1 Engels was the first to point out that Marx did not discover the labor/labor power distinction until the late 1850s (1976, 5–6). He considered this discovery so important that he posthumously revised some of Marx’s early writings to include this distinction.
2 It is, of course, true that a worker might find their work intrinsically rewarding, but it is unlikely that will continue when their employer imposes an increased pace and intensity of work and transforms the labor process itself through mechanization and minute specialization. Whatever charm the work holds for the worker is not the objective of capitalist production, which is designed and initiated to produce profits, not job satisfaction.
3 See also Gordon (1981).
4 This idea is developed in some detail in section IV of volume one of Capital (Marx 1967a).
5 In economic geography Vernon’s (1966) influential product cycle theory emphasizes changes associated with the introduction, maturation, and standardization of products to explain changing patterns of industrial location. He remarks that manufacturing processes that “receive significant inputs from the local economy, such as skilled labor” or “rely heavily on upon external economies” are less able to relocate in pursuit of lower production costs. What Vernon, and those influenced by his work, fail to recognize is that production technology is not static; the “standardization” of production involves decoupling it from local inputs and economies in order to achieve geographic mobility, and hence requires precisely the kind of changes emphasized by Braverman and subsequent Marxian literature.
6 Goldstein (2012) finds no such plateau in the 1980s. He shows managerial employment and wages increasing consistently from 1984–2002.
7 Goodwin’s (1967) formalization of Marx’s theory of cyclical dynamics assumes that labor productivity grows at an exogenously given rate. It is then only a partial representation of Marx’s overall theory of cyclical dynamics.

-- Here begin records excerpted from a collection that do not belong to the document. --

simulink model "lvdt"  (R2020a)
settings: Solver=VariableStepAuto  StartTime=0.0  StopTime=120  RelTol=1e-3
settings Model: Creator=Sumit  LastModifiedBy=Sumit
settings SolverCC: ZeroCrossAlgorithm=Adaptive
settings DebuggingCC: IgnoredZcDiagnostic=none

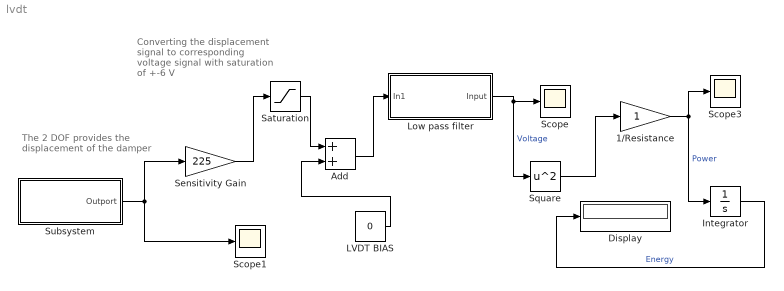
== system lvdt ==
  note: The 2 DOF provides the displacement of the damper
  note: Converting the displacement signal to corresponding voltage signal with saturation of +-6 V
  1/Resistance : Gain
  Add : Sum
  Display : Display
  Integrator : Integrator
  LVDT BIAS : Constant  Value=0
  Low pass filter : Subsystem
  Saturation : Saturate  UpperLimit=6  LowerLimit=-6
  Scope : Scope
  Scope1 : Scope
  Scope3 : Scope
  Sensitivity Gain : Gain  Gain=225
  Square : Math  Operator=square  SaturateOnIntegerOverflow=on
  Subsystem : Subsystem
  wires:
  Sensitivity Gain/1 -> Saturation/1
  Saturation/1 -> Add/1
  LVDT BIAS/1 -> Add/2
  Add/1 -> Low pass filter/1(In1)
  Low pass filter/1(Input) -> Square/1, Scope/1  "Voltage"
  Subsystem/1(Outport) -> Sensitivity Gain/1, Scope1/1
  Square/1 -> 1/Resistance/1
  1/Resistance/1 -> Integrator/1, Scope3/1  "Power"
  Integrator/1 -> Display/1  "Energy"

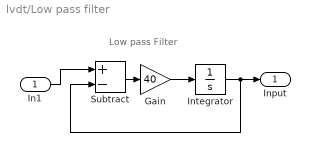
== system lvdt/Low pass filter ==
  note: Low pass Filter
  In1 : Inport
  Gain : Gain  Gain=40
  Integrator : Integrator
  Subtract : Sum  Inputs=+-
  Input : Outport
  wires:
  In1/1 -> Subtract/1
  Subtract/1 -> Gain/1
  Gain/1 -> Integrator/1
  Integrator/1 -> Subtract/2, Input/1

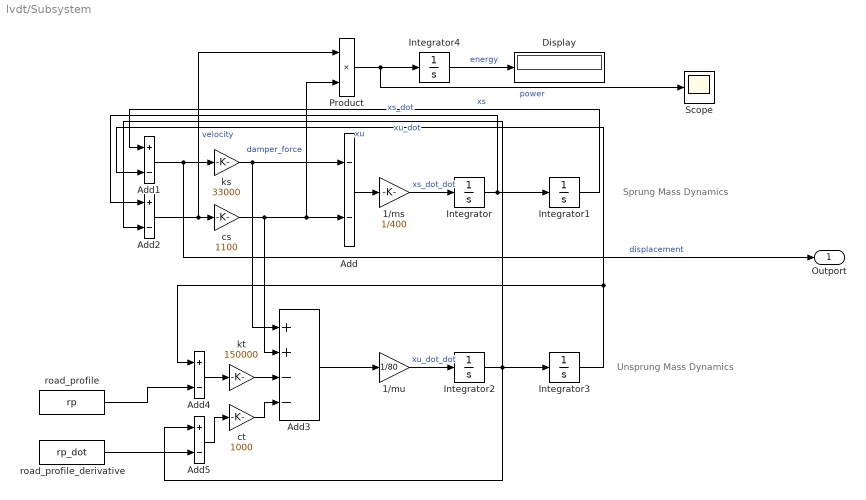
== system lvdt/Subsystem ==
  note: Sprung Mass Dynamics
  note: Unsprung Mass Dynamics
  1/ms : Gain  Gain=1/400
  1/mu : Gain  Gain=1/80
  Add : Sum  Inputs=--
  Add{1..2,4..5} (4 alike) : Sum  Inputs=+-
  Add3 : Sum  Inputs=++--
  Display : Display
      settings: Decimation=2
  Integrator{,1..4} (5 alike) : Integrator
  Product : Product
  Scope : Scope
  cs : Gain  Gain=1100
  ct : Gain  Gain=1000
  ks : Gain  Gain=33000
  kt : Gain  Gain=150000
  road_profile : FromWorkspace  VariableName=rp
  road_profile_derivative : FromWorkspace  VariableName=rp_dot
  Outport : Outport
  wires:
  cs/1 -> Add3/2, Add/2, Product/2  "damper_force"
  Product/1 -> Scope/1, Integrator4/1  "power"
  kt/1 -> Add3/3
  Integrator4/1 -> Display/1  "energy"
  Integrator/1 -> Integrator1/1, Add2/1  "xs_dot"
  Add2/1 -> Product/1, cs/1  "velocity"
  Integrator1/1 -> Add1/1  "xs"
  Add1/1 -> Outport/1, ks/1  "displacement"
  Add/1 -> 1/ms/1
  ct/1 -> Add3/4
  ks/1 -> Add3/1, Add/1
  Add3/1 -> 1/mu/1
  road_profile/1 -> Add4/2
  Integrator3/1 -> Add1/2, Add4/1  "xu"
  Integrator2/1 -> Add5/1, Add2/2, Integrator3/1  "xu_dot"
  Add4/1 -> kt/1
  road_profile_derivative/1 -> Add5/2
  1/mu/1 -> Integrator2/1  "xu_dot_dot"
  1/ms/1 -> Integrator/1  "xs_dot_dot"
  Add5/1 -> ct/1

8 See also Boddy and Crotty (1975), which builds on Kalecki’s analysis of the political aspects of unemployment and Marx’s analysis of cyclical dynamics (including the impact of unemployment on productivity) to develop their theory of a political business cycle.
9 The same basic dynamics are present in Bowles 2005, ch. 8, though in that version of the model the cost of job loss is replaced by the value of the worker’s “fallback position.”